EXERCISE:
Look through the material below and return every line that contains "Reyes".

RECORDS FOR THIS EXERCISE:
********************
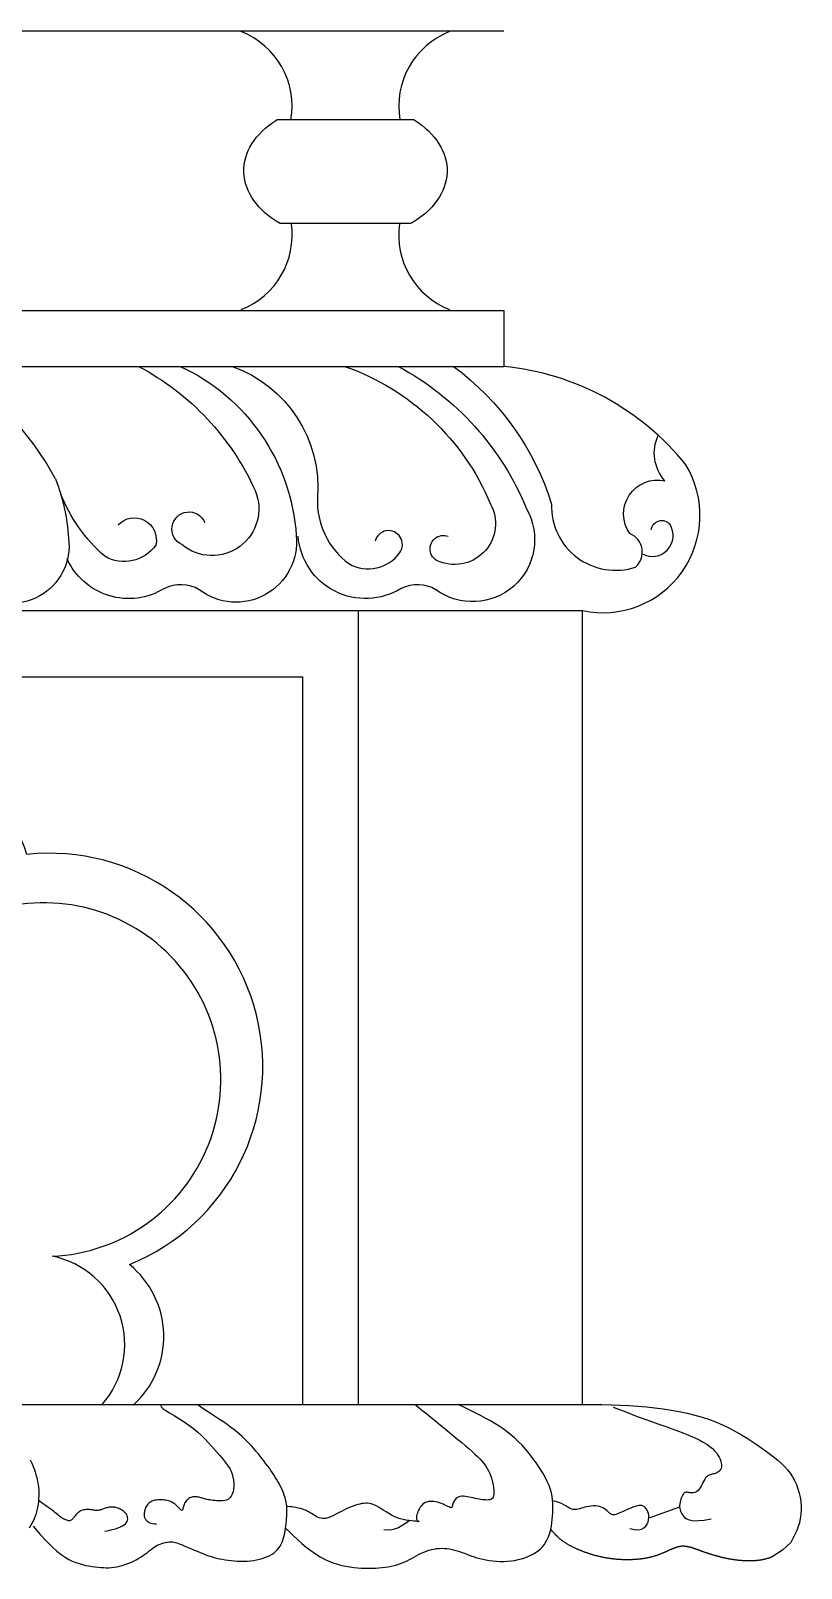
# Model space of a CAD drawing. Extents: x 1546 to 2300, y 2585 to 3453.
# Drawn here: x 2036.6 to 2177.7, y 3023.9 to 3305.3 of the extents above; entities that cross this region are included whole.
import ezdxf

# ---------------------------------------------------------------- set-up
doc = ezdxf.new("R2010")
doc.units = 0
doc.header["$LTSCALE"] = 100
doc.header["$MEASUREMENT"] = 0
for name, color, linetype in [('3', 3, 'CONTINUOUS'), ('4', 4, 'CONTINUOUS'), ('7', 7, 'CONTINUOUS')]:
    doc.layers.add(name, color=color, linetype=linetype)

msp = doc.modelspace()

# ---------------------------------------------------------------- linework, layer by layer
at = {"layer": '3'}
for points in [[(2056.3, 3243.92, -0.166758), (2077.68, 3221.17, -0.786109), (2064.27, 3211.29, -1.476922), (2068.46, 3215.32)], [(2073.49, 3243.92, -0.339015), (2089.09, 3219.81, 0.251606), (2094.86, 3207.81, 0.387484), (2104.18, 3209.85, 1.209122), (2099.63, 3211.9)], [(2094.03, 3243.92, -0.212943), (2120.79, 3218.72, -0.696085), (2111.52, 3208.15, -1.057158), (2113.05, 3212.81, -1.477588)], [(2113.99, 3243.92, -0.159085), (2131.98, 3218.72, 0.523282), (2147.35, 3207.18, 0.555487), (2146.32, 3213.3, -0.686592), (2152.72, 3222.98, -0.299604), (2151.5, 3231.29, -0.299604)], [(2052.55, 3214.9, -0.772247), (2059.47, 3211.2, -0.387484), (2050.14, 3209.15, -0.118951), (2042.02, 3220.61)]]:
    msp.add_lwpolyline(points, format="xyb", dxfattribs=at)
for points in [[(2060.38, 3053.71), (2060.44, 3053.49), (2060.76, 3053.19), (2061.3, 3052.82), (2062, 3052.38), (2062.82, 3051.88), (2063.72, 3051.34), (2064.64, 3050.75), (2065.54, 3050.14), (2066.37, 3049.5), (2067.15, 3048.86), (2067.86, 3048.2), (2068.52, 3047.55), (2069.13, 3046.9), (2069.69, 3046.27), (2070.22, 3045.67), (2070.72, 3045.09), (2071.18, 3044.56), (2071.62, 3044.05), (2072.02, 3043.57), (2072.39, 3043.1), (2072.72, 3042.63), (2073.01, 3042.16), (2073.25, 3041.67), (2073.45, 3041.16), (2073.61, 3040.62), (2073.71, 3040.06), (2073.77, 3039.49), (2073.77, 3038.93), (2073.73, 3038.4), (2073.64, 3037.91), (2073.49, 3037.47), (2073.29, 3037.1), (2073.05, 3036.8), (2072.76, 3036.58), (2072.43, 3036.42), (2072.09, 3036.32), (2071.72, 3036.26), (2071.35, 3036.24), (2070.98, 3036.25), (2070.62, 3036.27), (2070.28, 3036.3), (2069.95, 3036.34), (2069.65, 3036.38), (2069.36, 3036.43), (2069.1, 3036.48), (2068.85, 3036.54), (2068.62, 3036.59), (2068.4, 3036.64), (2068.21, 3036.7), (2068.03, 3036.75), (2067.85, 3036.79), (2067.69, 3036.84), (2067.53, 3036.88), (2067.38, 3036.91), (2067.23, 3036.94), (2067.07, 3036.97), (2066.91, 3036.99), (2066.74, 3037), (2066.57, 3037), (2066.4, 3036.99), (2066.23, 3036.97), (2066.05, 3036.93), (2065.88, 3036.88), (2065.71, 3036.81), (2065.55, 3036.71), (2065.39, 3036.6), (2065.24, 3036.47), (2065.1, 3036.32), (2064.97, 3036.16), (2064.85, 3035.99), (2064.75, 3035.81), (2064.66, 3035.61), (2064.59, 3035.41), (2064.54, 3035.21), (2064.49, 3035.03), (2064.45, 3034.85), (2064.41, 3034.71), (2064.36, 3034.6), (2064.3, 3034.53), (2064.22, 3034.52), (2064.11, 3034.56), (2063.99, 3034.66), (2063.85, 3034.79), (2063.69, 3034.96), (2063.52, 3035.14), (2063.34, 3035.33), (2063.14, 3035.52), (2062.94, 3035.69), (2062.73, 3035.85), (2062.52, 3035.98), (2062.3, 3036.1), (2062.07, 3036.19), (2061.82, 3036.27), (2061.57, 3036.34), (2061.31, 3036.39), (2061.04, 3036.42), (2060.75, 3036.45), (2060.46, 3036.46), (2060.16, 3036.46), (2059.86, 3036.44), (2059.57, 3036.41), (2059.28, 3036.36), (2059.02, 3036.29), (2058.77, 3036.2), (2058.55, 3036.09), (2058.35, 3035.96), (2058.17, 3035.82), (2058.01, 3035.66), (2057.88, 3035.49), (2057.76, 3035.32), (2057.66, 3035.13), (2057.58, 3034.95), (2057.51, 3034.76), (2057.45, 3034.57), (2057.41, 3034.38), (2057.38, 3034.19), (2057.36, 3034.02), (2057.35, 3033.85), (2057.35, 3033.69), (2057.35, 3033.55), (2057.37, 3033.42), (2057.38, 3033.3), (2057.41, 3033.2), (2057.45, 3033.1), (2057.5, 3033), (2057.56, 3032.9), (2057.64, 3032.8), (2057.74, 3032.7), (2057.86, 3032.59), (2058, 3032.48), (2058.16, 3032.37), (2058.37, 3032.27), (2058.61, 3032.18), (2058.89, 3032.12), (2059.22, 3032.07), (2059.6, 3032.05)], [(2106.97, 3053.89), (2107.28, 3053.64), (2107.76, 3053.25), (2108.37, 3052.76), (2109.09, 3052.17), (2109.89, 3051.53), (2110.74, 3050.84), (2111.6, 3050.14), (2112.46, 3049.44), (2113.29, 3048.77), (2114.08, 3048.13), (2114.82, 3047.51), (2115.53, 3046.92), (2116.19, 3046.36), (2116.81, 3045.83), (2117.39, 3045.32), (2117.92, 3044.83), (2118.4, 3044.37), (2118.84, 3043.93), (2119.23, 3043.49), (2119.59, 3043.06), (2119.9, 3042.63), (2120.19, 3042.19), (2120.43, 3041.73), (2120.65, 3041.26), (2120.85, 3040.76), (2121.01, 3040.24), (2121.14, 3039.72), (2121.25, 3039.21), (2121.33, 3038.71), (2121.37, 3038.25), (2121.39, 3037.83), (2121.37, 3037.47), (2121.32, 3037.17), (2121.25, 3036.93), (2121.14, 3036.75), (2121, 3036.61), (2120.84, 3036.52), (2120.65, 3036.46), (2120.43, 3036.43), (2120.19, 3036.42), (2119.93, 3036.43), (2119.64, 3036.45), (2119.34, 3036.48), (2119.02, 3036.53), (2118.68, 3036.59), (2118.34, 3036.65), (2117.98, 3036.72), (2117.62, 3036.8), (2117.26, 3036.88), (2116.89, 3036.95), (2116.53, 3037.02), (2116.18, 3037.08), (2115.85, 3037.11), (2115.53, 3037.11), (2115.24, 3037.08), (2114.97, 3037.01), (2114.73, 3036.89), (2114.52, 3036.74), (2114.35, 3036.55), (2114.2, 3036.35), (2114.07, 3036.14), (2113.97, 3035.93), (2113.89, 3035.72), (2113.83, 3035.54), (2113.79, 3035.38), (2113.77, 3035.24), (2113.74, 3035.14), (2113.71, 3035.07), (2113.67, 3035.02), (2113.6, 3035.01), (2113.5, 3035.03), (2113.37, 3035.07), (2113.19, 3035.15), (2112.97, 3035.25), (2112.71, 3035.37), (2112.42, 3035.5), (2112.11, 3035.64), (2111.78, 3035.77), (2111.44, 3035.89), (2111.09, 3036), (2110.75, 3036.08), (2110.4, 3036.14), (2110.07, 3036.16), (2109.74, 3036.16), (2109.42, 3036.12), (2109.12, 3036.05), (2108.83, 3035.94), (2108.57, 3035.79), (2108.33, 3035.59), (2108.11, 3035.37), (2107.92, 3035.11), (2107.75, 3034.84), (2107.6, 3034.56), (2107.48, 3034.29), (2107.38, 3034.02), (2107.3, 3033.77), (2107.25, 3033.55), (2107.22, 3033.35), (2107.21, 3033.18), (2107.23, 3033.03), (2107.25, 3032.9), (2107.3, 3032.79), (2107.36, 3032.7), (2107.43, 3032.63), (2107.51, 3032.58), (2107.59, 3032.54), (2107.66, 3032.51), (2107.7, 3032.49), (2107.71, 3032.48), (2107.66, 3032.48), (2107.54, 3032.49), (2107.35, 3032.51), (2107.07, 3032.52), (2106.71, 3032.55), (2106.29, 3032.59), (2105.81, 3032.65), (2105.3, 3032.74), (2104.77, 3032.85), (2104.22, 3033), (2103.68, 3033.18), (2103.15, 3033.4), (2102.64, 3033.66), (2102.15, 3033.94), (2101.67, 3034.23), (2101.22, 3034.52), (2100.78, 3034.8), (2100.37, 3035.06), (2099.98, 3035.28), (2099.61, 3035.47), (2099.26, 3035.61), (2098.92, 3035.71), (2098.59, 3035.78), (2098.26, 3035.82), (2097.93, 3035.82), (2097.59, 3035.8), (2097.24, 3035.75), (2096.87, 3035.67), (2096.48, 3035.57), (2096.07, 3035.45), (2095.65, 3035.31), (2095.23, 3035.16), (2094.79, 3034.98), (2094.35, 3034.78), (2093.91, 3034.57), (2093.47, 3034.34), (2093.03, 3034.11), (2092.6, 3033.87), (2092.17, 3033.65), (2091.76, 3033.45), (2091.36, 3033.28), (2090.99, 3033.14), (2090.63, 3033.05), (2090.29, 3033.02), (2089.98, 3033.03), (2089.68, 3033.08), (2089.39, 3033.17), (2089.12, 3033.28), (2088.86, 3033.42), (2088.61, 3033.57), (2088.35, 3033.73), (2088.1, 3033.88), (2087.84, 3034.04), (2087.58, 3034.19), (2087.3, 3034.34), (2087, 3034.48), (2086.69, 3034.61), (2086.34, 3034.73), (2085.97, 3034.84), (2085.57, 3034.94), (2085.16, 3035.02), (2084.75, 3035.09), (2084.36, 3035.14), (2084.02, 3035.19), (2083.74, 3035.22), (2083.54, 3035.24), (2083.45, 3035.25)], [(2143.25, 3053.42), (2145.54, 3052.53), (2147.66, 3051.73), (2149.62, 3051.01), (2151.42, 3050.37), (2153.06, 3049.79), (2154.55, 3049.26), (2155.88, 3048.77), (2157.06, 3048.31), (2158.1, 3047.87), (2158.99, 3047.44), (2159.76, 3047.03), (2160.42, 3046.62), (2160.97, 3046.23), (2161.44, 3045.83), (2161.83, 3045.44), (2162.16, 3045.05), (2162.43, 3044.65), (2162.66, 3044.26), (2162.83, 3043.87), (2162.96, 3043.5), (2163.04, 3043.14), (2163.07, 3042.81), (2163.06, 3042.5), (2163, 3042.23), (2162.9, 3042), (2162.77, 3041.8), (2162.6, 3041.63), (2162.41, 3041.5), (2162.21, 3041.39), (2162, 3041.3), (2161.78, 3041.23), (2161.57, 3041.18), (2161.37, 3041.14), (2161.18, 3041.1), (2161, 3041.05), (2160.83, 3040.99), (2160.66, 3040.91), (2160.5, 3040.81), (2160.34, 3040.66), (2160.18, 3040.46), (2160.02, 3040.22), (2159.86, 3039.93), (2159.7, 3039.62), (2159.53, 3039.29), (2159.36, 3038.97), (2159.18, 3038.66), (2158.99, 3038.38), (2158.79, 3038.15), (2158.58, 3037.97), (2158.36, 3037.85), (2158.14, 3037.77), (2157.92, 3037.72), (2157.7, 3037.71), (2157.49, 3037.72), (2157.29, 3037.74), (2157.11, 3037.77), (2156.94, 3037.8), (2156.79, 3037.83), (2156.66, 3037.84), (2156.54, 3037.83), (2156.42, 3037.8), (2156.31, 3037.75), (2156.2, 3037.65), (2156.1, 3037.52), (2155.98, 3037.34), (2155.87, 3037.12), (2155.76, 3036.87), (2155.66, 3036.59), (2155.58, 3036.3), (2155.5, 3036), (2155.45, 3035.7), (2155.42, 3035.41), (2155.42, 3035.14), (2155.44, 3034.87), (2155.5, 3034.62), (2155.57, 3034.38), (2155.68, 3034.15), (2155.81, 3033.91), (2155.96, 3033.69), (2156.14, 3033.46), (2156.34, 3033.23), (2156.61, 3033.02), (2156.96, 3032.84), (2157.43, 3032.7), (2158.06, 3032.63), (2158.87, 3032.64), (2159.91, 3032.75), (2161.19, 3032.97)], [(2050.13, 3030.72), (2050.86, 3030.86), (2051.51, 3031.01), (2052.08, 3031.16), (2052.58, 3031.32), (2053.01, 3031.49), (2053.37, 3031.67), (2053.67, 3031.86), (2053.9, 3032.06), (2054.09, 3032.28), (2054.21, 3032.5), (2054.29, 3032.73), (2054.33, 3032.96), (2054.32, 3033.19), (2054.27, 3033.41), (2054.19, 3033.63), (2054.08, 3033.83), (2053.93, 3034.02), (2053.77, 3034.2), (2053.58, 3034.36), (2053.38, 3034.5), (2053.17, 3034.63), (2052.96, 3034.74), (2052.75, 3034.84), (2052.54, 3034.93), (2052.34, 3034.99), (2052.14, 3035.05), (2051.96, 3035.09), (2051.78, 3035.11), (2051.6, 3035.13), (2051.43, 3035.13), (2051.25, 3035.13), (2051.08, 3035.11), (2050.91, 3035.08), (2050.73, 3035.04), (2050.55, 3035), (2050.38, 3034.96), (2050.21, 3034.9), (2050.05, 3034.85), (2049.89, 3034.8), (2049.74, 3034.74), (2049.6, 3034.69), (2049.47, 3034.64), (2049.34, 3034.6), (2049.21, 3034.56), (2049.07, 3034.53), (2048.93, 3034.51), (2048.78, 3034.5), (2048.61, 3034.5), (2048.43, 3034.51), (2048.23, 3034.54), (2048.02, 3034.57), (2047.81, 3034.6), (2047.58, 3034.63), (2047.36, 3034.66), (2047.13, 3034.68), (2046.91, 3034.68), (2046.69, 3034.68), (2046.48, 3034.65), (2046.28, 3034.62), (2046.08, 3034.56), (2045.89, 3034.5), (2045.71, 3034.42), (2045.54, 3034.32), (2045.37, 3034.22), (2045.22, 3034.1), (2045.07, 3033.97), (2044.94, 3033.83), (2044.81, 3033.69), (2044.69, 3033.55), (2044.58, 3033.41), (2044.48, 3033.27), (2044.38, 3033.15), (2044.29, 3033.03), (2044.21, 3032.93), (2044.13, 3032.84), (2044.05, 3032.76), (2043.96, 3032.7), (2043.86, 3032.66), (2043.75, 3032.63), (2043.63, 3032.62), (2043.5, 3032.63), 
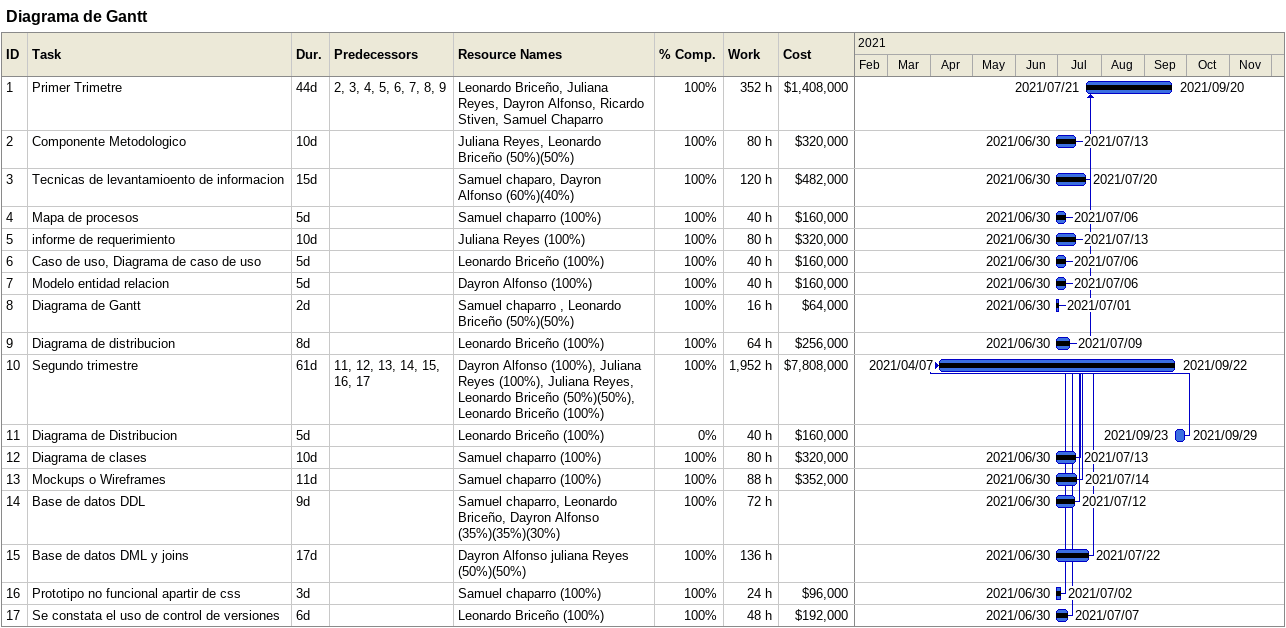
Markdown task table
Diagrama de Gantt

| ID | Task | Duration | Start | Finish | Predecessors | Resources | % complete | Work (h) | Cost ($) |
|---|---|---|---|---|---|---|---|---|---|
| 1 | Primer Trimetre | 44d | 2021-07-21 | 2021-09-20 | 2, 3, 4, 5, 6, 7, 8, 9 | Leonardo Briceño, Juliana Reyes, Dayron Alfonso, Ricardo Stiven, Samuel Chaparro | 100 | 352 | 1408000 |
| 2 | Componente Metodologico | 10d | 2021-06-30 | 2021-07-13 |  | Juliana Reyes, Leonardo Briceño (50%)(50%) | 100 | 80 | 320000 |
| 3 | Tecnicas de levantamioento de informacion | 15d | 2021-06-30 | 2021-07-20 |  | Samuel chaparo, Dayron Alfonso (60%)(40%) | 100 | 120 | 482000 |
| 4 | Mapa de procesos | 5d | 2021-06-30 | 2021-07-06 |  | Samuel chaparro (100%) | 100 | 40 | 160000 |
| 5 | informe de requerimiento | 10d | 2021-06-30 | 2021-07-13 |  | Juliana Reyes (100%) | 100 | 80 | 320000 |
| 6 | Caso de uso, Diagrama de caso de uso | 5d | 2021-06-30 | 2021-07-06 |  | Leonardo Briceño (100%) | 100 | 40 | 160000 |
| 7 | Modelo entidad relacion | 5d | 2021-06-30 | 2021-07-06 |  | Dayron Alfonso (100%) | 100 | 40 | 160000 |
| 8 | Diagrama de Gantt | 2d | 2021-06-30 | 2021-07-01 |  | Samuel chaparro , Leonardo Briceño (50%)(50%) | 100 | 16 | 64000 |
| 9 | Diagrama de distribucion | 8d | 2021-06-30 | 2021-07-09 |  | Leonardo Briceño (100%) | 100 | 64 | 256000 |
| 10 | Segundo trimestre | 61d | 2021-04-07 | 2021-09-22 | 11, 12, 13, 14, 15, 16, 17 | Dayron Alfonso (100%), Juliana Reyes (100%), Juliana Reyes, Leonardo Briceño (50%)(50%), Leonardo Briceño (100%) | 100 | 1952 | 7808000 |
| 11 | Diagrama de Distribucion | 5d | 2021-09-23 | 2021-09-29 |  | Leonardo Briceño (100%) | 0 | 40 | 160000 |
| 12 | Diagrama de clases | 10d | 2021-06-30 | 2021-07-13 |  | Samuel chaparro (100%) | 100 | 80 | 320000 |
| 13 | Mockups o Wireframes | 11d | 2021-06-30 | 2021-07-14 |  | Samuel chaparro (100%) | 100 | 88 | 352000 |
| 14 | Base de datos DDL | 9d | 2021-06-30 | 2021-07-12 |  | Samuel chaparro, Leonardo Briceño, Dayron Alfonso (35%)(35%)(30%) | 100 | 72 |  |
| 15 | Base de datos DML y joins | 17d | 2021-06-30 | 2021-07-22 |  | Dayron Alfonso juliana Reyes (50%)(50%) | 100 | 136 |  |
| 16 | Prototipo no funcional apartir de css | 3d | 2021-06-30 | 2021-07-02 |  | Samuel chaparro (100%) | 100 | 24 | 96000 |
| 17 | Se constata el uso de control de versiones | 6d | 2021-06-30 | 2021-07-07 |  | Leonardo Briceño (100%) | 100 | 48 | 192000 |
********************
TASK ANSWER:
| 1 | Primer Trimetre | 44d | 2021-07-21 | 2021-09-20 | 2, 3, 4, 5, 6, 7, 8, 9 | Leonardo Briceño, Juliana Reyes, Dayron Alfonso, Ricardo Stiven, Samuel Chaparro | 100 | 352 | 1408000 |
| 2 | Componente Metodologico | 10d | 2021-06-30 | 2021-07-13 |  | Juliana Reyes, Leonardo Briceño (50%)(50%) | 100 | 80 | 320000 |
| 5 | informe de requerimiento | 10d | 2021-06-30 | 2021-07-13 |  | Juliana Reyes (100%) | 100 | 80 | 320000 |
| 10 | Segundo trimestre | 61d | 2021-04-07 | 2021-09-22 | 11, 12, 13, 14, 15, 16, 17 | Dayron Alfonso (100%), Juliana Reyes (100%), Juliana Reyes, Leonardo Briceño (50%)(50%), Leonardo Briceño (100%) | 100 | 1952 | 7808000 |
| 15 | Base de datos DML y joins | 17d | 2021-06-30 | 2021-07-22 |  | Dayron Alfonso juliana Reyes (50%)(50%) | 100 | 136 |  |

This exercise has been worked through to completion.